Succession proceedings in a court without jurisdiction are null and void. But there is no contention here that the district court was without jurisdiction; no allegation that the decedent was not domiciled in the parish. The failure to file the affidavit which "may" serve as proof of jurisdictional facts does not mean the court did not have jurisdiction; only that jurisdictional facts did not appear in the record at the time the order appointing the administrator was rendered.

I agree that the Code of Civil Procedure articles contemplate that proof of death and domicile, the jurisdictional facts, be made at the time a succession is opened, although there is no express provision to that effect as to petitions for administration of intestate successions. Such proof "may" be, and usually is, made by affidavit, but may be made by other means. The Code does not, however, provide that the failure to make such proof at the outset of the succession proceeding voids all subsequent proceedings. There is no case which so holds, except the present majority opinion, and there is no legal basis, statutory or jurisprudential, for that holding.

Wright v. Wright, cited in the majority opinion, is not on point. In that case there was an appeal from a default judgment setting aside a sale of property and sending heirs into possession of the property. The court of appeal reversed, finding the evidence insufficient to set aside the sale as a simulation or invalid donation and finding that several specific code requirements for the rendition of a judgment of possession had not been complied with. That case is in no way authority for the majority holding that the appointment of an administrator in the course of an on-going succession should be annulled because proof of jurisdictional facts was not made prior to the appointment.

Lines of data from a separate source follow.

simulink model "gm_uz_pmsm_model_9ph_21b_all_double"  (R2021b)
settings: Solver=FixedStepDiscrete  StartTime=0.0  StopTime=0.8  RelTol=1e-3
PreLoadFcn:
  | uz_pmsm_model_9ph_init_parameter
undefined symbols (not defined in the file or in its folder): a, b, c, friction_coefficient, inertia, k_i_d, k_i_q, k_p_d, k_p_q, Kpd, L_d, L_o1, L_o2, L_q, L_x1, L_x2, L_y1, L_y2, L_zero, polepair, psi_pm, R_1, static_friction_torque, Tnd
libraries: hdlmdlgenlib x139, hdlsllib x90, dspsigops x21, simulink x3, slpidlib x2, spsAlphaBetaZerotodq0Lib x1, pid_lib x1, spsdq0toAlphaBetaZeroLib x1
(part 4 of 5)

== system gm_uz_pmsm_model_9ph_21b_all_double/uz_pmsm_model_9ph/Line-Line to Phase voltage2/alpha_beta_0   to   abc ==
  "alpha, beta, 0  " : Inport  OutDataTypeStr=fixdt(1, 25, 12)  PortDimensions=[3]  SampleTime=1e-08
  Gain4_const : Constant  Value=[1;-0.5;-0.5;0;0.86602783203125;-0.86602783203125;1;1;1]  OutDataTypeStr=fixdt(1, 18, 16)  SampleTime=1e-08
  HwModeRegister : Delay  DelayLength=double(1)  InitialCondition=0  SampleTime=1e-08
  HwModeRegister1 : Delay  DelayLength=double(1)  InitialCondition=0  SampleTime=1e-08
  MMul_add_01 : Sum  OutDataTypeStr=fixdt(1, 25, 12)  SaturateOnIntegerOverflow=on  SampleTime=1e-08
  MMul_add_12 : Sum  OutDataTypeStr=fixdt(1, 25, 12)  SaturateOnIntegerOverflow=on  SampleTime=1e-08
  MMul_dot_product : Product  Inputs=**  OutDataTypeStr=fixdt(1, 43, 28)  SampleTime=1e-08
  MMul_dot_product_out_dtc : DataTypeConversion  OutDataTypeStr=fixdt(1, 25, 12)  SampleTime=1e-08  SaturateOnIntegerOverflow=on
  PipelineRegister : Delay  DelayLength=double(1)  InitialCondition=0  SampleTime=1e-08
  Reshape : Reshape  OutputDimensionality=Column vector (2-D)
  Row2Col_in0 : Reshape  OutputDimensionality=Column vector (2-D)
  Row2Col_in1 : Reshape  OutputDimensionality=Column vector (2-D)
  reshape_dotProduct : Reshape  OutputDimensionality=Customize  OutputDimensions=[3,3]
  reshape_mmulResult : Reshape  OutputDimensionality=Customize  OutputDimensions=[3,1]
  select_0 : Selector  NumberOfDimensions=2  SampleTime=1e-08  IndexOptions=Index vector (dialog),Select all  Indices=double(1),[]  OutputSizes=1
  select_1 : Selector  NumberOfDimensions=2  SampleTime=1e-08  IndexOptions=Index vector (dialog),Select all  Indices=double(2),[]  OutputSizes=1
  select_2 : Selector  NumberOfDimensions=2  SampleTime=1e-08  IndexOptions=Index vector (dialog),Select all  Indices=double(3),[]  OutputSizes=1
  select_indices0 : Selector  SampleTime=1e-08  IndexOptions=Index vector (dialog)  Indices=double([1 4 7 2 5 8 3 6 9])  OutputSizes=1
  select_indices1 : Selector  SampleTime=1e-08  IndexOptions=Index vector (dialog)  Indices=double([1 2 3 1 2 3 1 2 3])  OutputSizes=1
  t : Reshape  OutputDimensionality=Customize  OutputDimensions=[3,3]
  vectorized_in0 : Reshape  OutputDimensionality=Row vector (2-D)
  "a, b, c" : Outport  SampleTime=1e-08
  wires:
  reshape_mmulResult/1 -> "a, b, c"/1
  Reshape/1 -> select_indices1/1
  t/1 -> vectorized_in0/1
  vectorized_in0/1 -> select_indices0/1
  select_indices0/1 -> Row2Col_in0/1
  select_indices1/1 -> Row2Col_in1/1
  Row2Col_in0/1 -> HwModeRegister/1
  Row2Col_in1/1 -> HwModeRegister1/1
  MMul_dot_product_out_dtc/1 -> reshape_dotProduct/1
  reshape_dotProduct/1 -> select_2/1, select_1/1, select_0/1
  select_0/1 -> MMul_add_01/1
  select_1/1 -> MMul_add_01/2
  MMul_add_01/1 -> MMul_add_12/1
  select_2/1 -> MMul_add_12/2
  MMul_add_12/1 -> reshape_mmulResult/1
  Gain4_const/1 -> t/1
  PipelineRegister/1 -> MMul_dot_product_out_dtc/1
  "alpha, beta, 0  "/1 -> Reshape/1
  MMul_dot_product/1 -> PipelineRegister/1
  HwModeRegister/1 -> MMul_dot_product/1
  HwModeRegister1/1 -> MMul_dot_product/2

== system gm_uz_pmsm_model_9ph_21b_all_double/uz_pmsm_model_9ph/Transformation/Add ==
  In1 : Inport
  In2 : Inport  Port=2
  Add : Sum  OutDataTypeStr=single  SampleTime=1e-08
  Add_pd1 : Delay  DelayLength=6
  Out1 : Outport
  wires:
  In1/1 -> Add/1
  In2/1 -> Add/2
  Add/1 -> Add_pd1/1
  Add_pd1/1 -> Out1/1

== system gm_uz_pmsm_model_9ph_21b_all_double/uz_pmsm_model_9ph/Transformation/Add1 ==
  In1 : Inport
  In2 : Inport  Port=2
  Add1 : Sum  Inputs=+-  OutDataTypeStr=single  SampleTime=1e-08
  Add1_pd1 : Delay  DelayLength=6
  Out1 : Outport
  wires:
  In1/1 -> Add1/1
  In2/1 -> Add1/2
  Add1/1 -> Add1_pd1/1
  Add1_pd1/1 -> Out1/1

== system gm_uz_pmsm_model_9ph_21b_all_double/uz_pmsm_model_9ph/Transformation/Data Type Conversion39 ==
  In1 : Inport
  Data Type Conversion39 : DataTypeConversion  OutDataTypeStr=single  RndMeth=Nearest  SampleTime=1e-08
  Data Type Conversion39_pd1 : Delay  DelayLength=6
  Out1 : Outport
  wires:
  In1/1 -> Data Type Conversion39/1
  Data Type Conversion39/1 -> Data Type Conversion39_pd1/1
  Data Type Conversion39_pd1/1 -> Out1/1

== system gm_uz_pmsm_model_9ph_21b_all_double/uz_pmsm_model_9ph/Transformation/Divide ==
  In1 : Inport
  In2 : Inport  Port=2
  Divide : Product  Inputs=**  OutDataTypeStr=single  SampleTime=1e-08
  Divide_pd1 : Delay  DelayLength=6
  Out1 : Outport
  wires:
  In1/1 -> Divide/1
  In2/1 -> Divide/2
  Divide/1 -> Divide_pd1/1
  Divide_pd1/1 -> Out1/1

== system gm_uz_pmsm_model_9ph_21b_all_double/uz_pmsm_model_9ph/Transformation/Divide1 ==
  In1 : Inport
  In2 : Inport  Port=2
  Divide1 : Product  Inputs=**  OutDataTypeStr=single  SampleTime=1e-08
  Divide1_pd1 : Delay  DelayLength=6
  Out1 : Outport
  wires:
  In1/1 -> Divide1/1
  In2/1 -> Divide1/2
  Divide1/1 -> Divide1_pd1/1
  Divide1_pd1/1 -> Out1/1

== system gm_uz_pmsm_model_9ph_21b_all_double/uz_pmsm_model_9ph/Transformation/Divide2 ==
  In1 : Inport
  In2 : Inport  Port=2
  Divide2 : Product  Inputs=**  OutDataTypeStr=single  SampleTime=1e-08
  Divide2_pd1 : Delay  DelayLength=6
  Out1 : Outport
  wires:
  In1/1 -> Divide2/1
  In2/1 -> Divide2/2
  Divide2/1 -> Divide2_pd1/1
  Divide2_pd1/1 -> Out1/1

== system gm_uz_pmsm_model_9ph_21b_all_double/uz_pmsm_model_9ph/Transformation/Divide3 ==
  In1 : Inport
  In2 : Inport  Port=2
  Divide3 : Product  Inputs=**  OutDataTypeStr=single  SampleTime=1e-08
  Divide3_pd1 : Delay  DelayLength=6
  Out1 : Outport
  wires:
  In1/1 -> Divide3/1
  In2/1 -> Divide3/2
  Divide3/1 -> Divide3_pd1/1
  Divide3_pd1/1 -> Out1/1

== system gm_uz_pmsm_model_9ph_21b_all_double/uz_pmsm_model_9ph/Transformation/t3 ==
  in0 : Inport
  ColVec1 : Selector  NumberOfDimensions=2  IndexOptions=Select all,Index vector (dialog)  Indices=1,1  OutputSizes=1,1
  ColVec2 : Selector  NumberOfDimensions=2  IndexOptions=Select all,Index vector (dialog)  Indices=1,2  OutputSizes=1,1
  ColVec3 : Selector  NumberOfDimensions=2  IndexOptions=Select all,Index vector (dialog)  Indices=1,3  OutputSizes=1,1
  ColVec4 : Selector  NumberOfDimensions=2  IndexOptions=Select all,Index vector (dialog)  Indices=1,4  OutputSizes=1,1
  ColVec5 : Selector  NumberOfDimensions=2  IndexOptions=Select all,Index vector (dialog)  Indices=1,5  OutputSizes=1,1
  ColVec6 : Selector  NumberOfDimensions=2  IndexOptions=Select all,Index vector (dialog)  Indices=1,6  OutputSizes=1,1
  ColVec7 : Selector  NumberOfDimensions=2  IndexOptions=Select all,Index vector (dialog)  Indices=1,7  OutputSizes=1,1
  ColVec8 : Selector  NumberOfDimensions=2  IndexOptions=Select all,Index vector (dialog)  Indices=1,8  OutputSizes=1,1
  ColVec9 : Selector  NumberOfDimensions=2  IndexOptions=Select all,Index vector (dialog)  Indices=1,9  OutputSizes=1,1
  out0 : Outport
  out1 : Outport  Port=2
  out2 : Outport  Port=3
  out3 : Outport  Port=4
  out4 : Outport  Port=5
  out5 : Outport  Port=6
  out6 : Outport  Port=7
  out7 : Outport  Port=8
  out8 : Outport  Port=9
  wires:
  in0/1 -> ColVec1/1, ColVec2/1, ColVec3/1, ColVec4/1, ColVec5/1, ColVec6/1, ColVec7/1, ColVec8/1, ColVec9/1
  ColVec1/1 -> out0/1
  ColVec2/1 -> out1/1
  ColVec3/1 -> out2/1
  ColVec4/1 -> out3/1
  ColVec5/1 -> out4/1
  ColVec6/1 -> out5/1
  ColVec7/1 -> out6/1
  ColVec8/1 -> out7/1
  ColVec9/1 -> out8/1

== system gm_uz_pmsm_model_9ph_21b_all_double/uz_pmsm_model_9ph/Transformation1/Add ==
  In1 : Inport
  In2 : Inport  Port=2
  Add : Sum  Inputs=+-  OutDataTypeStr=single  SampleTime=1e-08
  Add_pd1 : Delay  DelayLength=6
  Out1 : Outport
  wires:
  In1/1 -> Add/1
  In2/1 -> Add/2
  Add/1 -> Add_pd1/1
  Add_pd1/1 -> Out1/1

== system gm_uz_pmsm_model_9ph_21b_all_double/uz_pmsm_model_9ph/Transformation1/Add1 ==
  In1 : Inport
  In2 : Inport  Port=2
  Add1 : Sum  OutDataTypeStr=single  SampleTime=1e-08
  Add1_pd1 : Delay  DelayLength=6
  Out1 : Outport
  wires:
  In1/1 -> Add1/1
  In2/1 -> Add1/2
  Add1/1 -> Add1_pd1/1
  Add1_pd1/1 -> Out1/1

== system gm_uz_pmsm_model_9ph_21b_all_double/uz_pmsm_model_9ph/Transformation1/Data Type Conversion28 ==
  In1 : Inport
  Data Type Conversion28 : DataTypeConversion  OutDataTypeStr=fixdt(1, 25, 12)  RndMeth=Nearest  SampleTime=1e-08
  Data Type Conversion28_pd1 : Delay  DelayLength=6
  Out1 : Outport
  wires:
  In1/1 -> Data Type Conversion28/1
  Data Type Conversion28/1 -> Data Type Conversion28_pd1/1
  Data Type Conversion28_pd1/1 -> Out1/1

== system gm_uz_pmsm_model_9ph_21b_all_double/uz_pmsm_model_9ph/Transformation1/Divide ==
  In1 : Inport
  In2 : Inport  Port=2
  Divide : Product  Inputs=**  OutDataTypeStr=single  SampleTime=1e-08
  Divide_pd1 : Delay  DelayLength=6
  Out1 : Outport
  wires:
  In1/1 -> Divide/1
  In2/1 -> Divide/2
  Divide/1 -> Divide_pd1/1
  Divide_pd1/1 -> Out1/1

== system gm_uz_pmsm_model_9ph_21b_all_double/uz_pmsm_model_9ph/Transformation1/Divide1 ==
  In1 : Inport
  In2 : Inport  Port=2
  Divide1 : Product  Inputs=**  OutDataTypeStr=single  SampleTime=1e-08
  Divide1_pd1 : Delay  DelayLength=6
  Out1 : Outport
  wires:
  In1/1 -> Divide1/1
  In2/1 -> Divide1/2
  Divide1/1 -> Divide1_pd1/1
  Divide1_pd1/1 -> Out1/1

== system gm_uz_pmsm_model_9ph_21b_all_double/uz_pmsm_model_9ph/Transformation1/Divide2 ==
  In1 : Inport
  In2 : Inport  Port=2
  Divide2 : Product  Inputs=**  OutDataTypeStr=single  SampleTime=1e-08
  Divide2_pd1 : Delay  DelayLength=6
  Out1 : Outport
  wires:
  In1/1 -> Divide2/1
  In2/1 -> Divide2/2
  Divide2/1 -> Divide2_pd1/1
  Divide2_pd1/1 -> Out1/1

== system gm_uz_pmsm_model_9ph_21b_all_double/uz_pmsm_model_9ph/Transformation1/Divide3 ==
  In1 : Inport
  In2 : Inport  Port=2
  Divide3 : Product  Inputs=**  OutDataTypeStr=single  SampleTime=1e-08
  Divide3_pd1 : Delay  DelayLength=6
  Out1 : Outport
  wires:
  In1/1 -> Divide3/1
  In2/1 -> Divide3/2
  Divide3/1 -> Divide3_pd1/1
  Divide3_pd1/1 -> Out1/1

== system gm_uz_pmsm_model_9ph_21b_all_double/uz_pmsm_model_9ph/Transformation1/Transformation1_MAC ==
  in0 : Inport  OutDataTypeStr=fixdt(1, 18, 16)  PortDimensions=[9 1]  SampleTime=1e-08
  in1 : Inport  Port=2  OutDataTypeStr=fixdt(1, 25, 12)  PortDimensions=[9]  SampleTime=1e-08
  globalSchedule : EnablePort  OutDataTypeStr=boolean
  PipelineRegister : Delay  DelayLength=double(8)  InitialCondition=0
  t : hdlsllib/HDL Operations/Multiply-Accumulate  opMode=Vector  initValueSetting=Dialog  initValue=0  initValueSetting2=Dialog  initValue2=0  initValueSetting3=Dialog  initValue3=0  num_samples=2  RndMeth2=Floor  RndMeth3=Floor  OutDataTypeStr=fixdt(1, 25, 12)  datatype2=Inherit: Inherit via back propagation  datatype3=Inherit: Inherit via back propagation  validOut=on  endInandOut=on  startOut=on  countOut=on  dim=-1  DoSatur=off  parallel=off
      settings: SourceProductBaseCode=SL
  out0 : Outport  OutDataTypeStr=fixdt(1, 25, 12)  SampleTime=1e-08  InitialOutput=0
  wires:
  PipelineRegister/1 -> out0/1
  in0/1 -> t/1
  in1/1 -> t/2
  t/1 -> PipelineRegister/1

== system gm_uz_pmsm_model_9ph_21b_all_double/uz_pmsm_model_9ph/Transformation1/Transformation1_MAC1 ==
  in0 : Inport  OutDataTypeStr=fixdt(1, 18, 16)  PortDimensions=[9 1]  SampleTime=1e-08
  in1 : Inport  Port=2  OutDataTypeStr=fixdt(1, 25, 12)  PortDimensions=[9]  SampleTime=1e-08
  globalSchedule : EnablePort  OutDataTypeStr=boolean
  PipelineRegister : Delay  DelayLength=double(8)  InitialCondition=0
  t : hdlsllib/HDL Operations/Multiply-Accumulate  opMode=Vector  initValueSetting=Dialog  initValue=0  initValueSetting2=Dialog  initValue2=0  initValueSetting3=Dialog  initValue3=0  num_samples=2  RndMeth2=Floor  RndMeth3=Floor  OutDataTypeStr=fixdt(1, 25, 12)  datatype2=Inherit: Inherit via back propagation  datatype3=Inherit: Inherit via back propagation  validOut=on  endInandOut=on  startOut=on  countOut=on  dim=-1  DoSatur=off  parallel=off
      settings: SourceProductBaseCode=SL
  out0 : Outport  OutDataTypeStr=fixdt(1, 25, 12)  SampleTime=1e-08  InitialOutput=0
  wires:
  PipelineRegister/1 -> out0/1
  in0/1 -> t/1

The failure to comply with the procedural requirement of making proof of jurisdictional facts with the filing of the initial petition in a succession proceeding is easily curable. In our case, the appropriate affidavits were filed in the succession proceeding after the jurisdictional issue was raised on appeal. There is no question that the district court had and has jurisdiction of this succession proceeding. No one contends otherwise.

There is no good reason why the court's appointment of an administrator should be nullified. There is good reason for requiring proof of jurisdictional facts to be made at the outset of a succession proceeding to reduce the risk of fraud and error as the majority opinion notes, particularly since succession proceedings are often conducted ex parte. However, it does not follow that a failure to comply with this procedural requirement voids subsequent proceedings in the succession, where the requisite jurisdictional basis exists in fact. No good reason exists for judicially imposing such a drastic penalty or consequence for the failure to file an affidavit of death and domicile with the initial petition. Good reasons exist for not doing so. For example, in this case an on-going succession proceeding is disrupted by the removal of the administrator, duly qualified and acting, leaving the succession in limbo at least temporarily and casting doubt on the validity of all acts of the administrator, such as the granting of an oil and gas lease which the record shows was done by the administrator with court approval.

The reasons for annulling a judgment are and should be narrowly limited. None of the grounds for annulling a judgment set forth in LSA-C.C.P. Arts. 2001 et seq. exist in this case and appellant did not bring an action to annul the judgment appointing the administrator. The only issue raised in the district court was whether the administrator was qualified under LSA-C.C. Art. 3097. The factual basis for the district court's jurisdiction is not challenged, even on appeal. I question the authority of this court to nullify the judgment and to hold the appointment invalid on the basis of non-compliance with a procedural *761 requirement, absent a finding of lack of jurisdiction.

No grounds for disqualification or removal of the administrator having been established, I would affirm the judgment of the district court dismissing appellant's petition to remove the administrator.